Start of Records shown

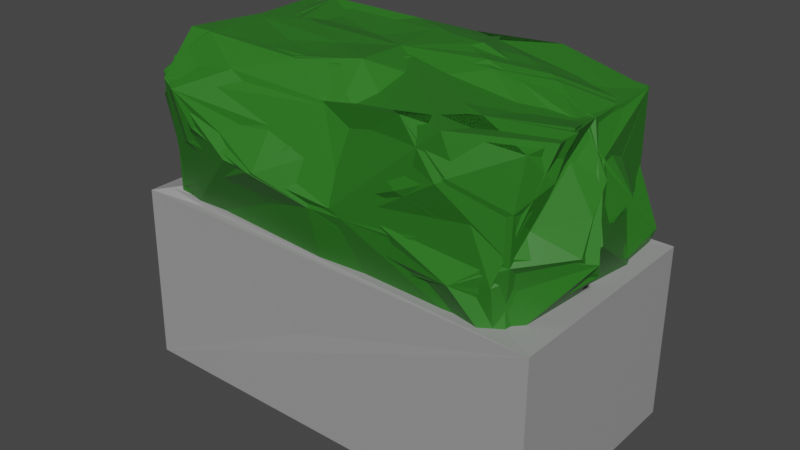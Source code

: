 # Source: Bush.blend  (saved by Blender 3.4.6; exported with 4.5.12 LTS)
import bpy
from mathutils import Matrix  # noqa: F401  (used for matrix-valued properties, if any)

bpy.ops.wm.read_factory_settings(use_empty=True)
scene = bpy.context.scene
scene.name = 'Scene'

# ---- collections
col_collection = bpy.data.collections.new('Collection'); scene.collection.children.link(col_collection)

# ---- materials (node trees are filled in below, after node groups)
mat_material_004 = bpy.data.materials.new('Material.004')
mat_material_004.use_transparent_shadow = False
mat_material_003 = bpy.data.materials.new('Material.003')
mat_material_003.use_transparent_shadow = False
mat_material_001 = bpy.data.materials.new('Material.001')
mat_material_001.use_transparent_shadow = False
mat_material_002 = bpy.data.materials.new('Material.002')
mat_material_002.use_transparent_shadow = False
mat_material_005 = bpy.data.materials.new('Material.005')
mat_material_005.use_transparent_shadow = False
mat_material_006 = bpy.data.materials.new('Material.006')
mat_material_006.use_transparent_shadow = False

# ---- material node trees
mat_material_004.use_nodes = True; mat_material_004.node_tree.nodes.clear()
_N = mat_material_004.node_tree.nodes; _L = mat_material_004.node_tree.links
n0 = _N.new('ShaderNodeBsdfPrincipled'); n0.name = 'Principled BSDF'; n0.location = (10, 300)
n0.distribution = 'GGX'
n0.subsurface_method = 'RANDOM_WALK_SKIN'
n0.inputs[0].default_value = (0.3264, 0.3264, 0.3264, 1.0)
n0.inputs[3].default_value = 1.45
n0.inputs[27].default_value = (0.0, 0.0, 0.0, 1.0)
n0.inputs[28].default_value = 1.0
n1 = _N.new('ShaderNodeOutputMaterial'); n1.name = 'Material Output'; n1.location = (300, 300)
_L.new(n0.outputs[0], n1.inputs[0])
n1.is_active_output = True
mat_material_003.use_nodes = True; mat_material_003.node_tree.nodes.clear()
_N = mat_material_003.node_tree.nodes; _L = mat_material_003.node_tree.links
n0 = _N.new('ShaderNodeBsdfPrincipled'); n0.name = 'Principled BSDF'; n0.location = (10, 300)
n0.distribution = 'GGX'
n0.subsurface_method = 'RANDOM_WALK_SKIN'
n0.inputs[0].default_value = (0.02376, 0.1679, 0.01347, 1.0)
n0.inputs[3].default_value = 1.45
n0.inputs[27].default_value = (0.0, 0.0, 0.0, 1.0)
n0.inputs[28].default_value = 1.0
n1 = _N.new('ShaderNodeOutputMaterial'); n1.name = 'Material Output'; n1.location = (300, 300)
_L.new(n0.outputs[0], n1.inputs[0])
n1.is_active_output = True
mat_material_001.use_nodes = True; mat_material_001.node_tree.nodes.clear()
_N = mat_material_001.node_tree.nodes; _L = mat_material_001.node_tree.links
n0 = _N.new('ShaderNodeBsdfPrincipled'); n0.name = 'Principled BSDF'; n0.location = (10, 300)
n0.distribution = 'GGX'
n0.subsurface_method = 'RANDOM_WALK_SKIN'
n0.inputs[0].default_value = (0.3264, 0.3264, 0.3264, 1.0)
n0.inputs[3].default_value = 1.45
n0.inputs[27].default_value = (0.0, 0.0, 0.0, 1.0)
n0.inputs[28].default_value = 1.0
n1 = _N.new('ShaderNodeOutputMaterial'); n1.name = 'Material Output'; n1.location = (300, 300)
_L.new(n0.outputs[0], n1.inputs[0])
n1.is_active_output = True
mat_material_002.use_nodes = True; mat_material_002.node_tree.nodes.clear()
_N = mat_material_002.node_tree.nodes; _L = mat_material_002.node_tree.links
n0 = _N.new('ShaderNodeBsdfPrincipled'); n0.name = 'Principled BSDF'; n0.location = (10, 300)
n0.distribution = 'GGX'
n0.subsurface_method = 'RANDOM_WALK_SKIN'
n0.inputs[0].default_value = (0.02376, 0.1679, 0.01347, 1.0)
n0.inputs[3].default_value = 1.45
n0.inputs[27].default_value = (0.0, 0.0, 0.0, 1.0)
n0.inputs[28].default_value = 1.0
n1 = _N.new('ShaderNodeOutputMaterial'); n1.name = 'Material Output'; n1.location = (300, 300)
_L.new(n0.outputs[0], n1.inputs[0])
n1.is_active_output = True
mat_material_005.use_nodes = True; mat_material_005.node_tree.nodes.clear()
_N = mat_material_005.node_tree.nodes; _L = mat_material_005.node_tree.links
n0 = _N.new('ShaderNodeBsdfPrincipled'); n0.name = 'Principled BSDF'; n0.location = (10, 300)
n0.distribution = 'GGX'
n0.subsurface_method = 'RANDOM_WALK_SKIN'
n0.inputs[0].default_value = (0.3264, 0.3264, 0.3264, 1.0)
n0.inputs[3].default_value = 1.45
n0.inputs[27].default_value = (0.0, 0.0, 0.0, 1.0)
n0.inputs[28].default_value = 1.0
n1 = _N.new('ShaderNodeOutputMaterial'); n1.name = 'Material Output'; n1.location = (300, 300)
_L.new(n0.outputs[0], n1.inputs[0])
n1.is_active_output = True
mat_material_006.use_nodes = True; mat_material_006.node_tree.nodes.clear()
_N = mat_material_006.node_tree.nodes; _L = mat_material_006.node_tree.links
n0 = _N.new('ShaderNodeBsdfPrincipled'); n0.name = 'Principled BSDF'; n0.location = (10, 300)
n0.distribution = 'GGX'
n0.subsurface_method = 'RANDOM_WALK_SKIN'
n0.inputs[0].default_value = (0.02376, 0.1679, 0.01347, 1.0)
n0.inputs[3].default_value = 1.45
n0.inputs[27].default_value = (0.0, 0.0, 0.0, 1.0)
n0.inputs[28].default_value = 1.0
n1 = _N.new('ShaderNodeOutputMaterial'); n1.name = 'Material Output'; n1.location = (300, 300)
_L.new(n0.outputs[0], n1.inputs[0])
n1.is_active_output = True

# ---- world
world_world = bpy.data.worlds.new('World'); scene.world = world_world
world_world.use_nodes = True; world_world.node_tree.nodes.clear()
_N = world_world.node_tree.nodes; _L = world_world.node_tree.links
n0 = _N.new('ShaderNodeOutputWorld'); n0.name = 'World Output'; n0.location = (300, 300)
n1 = _N.new('ShaderNodeBackground'); n1.name = 'Background'; n1.location = (10, 300)
n1.inputs[0].default_value = (0.05088, 0.05088, 0.05088, 1.0)
_L.new(n1.outputs[0], n0.inputs[0])
n0.is_active_output = True
world_world.color = (0.05088, 0.05088, 0.05088)
world_world.use_sun_shadow = False
world_world.sun_shadow_jitter_overblur = 0.0

# ---- meshes
me_cube_002 = bpy.data.meshes.new('Cube.002')
me_cube_002.from_pydata([(-1.0, -1.0, -1.922), (-0.8653, -0.8191, 1.173), (-1.0, 1.0, -1.922), (-0.8692, 0.8577, 1.132), (1.0, -1.0, -1.922), (0.5874, -0.5722, 0.993), (1.0, 1.0, -1.922), (0.8832, 0.8849, 1.0), (-0.9941, -0.9772, 1.064), (-0.9949, 0.9901, 1.055), (1.0, 1.0, 1.0), (1.0, -1.0, 1.0), (-0.8814, -0.8814, 0.4117), (-0.8814, 0.8814, 0.4117), (0.8814, 0.8814, 0.4117), (0.8814, -0.8814, 0.4117), (-0.8546, 0.0, 0.4946), (0.8546, 0.8546, 3.36), (0.8546, 0.8546, 1.927), (0.8546, -0.8546, 1.927), (0.9025, -0.87, 3.485), (0.8546, -0.8546, 0.4946), (-0.8546, 0.8546, 1.927), (0.0, 0.8546, 0.4946), (0.8546, 0.8546, 0.4946), (-0.8546, -0.8546, 1.927), (0.8546, 0.0, 0.4946), (0.0, -1.046, 1.927), (0.0, -0.8546, 0.4946), (0.9525, -0.001793, 1.925), (-0.8546, 0.0, 1.927), (-0.8546, 0.8546, 0.4946), (0.0, 1.032, 1.927), (0.01017, -0.002185, 3.725), (-0.8546, -0.8546, 0.4946), (0.8546, 0.0, 3.36), (0.005033, 0.9761, 3.497), (0.0, -0.8546, 3.36), (-0.8546, 0.0, 3.36), (-0.8135, -0.8759, 3.352), (-0.7946, 0.8408, 3.328), (-0.8718, 0.416, 2.626), (-0.4273, 0.8545, 1.211), (0.4273, 0.8546, 1.211), (0.4349, 0.9984, 2.66), (-0.4273, 0.4273, 3.552), (0.4387, 0.4495, 3.678), (0.4354, -0.443, 3.555), (0.4334, -1.063, 2.657), (0.8869, 0.4273, 2.644), (0.4273, -0.8546, 1.211), (-0.4273, -0.8546, 1.211), (-0.4295, -1.109, 2.648), (0.949, 0.4377, 1.199), (-0.8546, -0.4273, 2.644), (0.9202, -0.4346, 1.203), (0.8546, -0.4273, 2.644), (-0.897, -0.4273, 1.211), (-0.4334, 1.069, 2.657), (-0.9135, 0.4273, 1.211), (-0.4273, -0.4273, 3.683), (-0.8673, 0.0193, 1.153), (-0.8814, 0.0, 0.4117), (-0.8734, -0.8503, 0.7925), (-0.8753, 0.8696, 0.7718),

End of Records shown

* **What the exercise asks**: Scan the preceding records for lines with the word "scene". Say how many there are and nothing else.

* **Finished task**: 4